# [What to do]
Please output exactly the lines that run from the line with "(2000.5, 0, 0)" through the final line of the data, inclusive, and nothing more.

==== Dataset records ====

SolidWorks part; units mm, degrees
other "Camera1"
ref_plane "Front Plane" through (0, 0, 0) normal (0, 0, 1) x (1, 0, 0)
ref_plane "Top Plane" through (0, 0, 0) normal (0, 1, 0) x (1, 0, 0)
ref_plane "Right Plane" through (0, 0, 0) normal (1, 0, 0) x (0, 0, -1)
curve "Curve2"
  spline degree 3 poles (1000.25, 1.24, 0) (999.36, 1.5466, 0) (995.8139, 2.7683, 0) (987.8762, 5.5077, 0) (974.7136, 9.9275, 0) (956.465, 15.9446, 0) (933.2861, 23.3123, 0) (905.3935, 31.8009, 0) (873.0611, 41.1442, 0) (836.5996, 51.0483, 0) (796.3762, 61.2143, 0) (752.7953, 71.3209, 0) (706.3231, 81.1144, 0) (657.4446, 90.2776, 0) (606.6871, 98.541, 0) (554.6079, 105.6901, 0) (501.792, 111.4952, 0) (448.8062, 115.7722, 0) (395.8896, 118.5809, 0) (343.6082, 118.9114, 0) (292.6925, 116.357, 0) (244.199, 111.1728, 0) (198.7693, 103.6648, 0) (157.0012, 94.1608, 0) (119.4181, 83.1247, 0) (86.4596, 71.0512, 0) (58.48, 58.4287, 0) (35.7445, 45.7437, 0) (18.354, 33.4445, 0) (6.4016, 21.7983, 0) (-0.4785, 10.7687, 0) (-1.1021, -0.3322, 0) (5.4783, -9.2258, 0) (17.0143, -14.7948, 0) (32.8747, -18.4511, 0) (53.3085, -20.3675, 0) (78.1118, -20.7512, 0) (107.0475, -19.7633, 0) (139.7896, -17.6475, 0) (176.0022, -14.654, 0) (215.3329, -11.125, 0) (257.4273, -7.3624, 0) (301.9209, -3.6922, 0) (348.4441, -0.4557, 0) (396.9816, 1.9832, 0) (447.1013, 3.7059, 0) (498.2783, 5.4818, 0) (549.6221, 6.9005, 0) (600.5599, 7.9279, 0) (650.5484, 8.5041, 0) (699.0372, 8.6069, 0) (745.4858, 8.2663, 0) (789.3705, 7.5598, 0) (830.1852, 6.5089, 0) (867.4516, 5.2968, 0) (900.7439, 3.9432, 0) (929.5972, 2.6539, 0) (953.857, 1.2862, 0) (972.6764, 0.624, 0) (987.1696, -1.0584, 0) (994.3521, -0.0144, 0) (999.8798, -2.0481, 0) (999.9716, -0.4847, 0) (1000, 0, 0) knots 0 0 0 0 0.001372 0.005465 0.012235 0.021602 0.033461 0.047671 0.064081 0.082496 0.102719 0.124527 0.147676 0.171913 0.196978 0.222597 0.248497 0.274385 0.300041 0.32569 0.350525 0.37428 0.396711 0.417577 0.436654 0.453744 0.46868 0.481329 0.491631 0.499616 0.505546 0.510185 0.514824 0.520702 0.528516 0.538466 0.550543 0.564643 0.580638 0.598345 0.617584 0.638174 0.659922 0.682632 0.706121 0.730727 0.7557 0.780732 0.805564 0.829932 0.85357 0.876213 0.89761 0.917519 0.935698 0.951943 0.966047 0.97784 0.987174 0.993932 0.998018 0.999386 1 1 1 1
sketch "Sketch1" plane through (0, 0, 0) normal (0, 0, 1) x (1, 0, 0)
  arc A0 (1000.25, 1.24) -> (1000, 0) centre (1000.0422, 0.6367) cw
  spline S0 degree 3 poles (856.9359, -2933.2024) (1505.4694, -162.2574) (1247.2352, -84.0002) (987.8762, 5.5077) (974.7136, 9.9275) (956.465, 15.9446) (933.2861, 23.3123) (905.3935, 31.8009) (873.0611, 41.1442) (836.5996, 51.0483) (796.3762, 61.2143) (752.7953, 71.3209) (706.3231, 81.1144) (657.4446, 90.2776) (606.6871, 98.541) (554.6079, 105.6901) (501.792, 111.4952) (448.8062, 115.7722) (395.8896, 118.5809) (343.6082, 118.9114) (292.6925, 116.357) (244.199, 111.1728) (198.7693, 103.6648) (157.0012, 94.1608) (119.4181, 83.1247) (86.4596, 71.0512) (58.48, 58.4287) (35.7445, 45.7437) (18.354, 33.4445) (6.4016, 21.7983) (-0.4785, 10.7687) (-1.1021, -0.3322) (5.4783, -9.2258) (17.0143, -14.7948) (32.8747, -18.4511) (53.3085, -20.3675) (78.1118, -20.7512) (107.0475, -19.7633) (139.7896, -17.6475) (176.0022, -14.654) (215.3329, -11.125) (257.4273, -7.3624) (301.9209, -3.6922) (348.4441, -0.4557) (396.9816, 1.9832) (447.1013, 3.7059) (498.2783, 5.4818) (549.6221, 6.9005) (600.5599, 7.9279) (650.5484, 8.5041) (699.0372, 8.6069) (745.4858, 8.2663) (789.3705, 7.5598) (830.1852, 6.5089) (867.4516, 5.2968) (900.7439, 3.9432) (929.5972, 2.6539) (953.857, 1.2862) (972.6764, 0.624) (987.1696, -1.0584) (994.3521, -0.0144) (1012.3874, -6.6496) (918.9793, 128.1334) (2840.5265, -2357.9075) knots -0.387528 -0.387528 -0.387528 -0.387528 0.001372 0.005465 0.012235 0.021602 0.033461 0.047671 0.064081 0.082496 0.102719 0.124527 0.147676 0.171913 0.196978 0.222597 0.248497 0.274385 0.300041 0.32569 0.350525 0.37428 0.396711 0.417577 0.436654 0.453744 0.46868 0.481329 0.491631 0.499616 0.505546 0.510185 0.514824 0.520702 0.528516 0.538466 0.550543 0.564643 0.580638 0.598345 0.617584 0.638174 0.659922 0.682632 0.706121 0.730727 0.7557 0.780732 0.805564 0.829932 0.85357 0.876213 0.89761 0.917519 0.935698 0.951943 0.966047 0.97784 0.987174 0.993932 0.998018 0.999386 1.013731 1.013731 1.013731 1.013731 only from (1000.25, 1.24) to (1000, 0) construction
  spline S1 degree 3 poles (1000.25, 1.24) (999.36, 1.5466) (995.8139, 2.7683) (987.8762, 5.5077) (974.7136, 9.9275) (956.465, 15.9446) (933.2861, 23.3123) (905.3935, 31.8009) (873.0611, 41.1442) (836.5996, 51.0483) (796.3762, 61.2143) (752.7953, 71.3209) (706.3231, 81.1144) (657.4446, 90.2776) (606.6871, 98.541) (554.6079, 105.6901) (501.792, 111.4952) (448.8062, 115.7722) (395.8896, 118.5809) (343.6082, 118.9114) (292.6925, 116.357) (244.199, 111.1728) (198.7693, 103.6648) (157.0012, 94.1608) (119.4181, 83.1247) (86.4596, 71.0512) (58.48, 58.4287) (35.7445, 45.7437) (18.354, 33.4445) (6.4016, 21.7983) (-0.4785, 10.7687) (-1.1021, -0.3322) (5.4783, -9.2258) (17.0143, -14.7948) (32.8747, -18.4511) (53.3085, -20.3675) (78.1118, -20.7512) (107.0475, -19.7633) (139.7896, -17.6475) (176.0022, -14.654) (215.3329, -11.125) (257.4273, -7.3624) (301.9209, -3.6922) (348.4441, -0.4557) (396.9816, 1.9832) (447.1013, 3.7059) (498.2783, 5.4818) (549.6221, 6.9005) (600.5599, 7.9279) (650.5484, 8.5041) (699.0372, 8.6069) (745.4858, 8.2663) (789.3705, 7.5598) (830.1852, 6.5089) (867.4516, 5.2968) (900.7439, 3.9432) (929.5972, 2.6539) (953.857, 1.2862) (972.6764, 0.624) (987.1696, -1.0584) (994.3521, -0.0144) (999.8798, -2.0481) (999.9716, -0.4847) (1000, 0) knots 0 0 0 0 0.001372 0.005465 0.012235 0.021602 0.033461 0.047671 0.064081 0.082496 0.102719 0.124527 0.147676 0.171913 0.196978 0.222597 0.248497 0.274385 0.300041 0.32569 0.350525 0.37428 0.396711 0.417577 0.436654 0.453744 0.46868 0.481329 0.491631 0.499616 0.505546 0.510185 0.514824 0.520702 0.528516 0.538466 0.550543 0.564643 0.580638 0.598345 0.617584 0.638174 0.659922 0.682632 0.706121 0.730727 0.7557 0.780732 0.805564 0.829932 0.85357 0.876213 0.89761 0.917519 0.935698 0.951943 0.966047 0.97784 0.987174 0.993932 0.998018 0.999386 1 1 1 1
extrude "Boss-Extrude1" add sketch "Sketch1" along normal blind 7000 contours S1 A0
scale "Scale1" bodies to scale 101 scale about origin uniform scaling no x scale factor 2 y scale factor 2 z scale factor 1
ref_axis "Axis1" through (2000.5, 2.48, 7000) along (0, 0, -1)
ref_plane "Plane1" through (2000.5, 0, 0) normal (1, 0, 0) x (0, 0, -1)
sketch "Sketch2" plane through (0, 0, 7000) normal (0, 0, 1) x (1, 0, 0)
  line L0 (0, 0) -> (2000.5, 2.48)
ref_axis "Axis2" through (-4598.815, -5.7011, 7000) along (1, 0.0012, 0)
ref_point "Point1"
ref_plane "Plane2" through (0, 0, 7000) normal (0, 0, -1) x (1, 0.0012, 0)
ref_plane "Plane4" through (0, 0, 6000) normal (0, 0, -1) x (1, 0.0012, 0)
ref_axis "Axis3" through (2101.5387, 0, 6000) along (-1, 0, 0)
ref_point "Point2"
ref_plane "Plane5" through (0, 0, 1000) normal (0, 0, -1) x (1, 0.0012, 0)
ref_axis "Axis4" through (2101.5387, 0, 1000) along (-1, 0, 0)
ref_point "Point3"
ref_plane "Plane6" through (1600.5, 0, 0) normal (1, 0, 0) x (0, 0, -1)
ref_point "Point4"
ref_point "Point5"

====

# [Answer to the exercise]
ref_plane "Plane1" through (2000.5, 0, 0) normal (1, 0, 0) x (0, 0, -1)
sketch "Sketch2" plane through (0, 0, 7000) normal (0, 0, 1) x (1, 0, 0)
  line L0 (0, 0) -> (2000.5, 2.48)
ref_axis "Axis2" through (-4598.815, -5.7011, 7000) along (1, 0.0012, 0)
ref_point "Point1"
ref_plane "Plane2" through (0, 0, 7000) normal (0, 0, -1) x (1, 0.0012, 0)
ref_plane "Plane4" through (0, 0, 6000) normal (0, 0, -1) x (1, 0.0012, 0)
ref_axis "Axis3" through (2101.5387, 0, 6000) along (-1, 0, 0)
ref_point "Point2"
ref_plane "Plane5" through (0, 0, 1000) normal (0, 0, -1) x (1, 0.0012, 0)
ref_axis "Axis4" through (2101.5387, 0, 1000) along (-1, 0, 0)
ref_point "Point3"
ref_plane "Plane6" through (1600.5, 0, 0) normal (1, 0, 0) x (0, 0, -1)
ref_point "Point4"
ref_point "Point5"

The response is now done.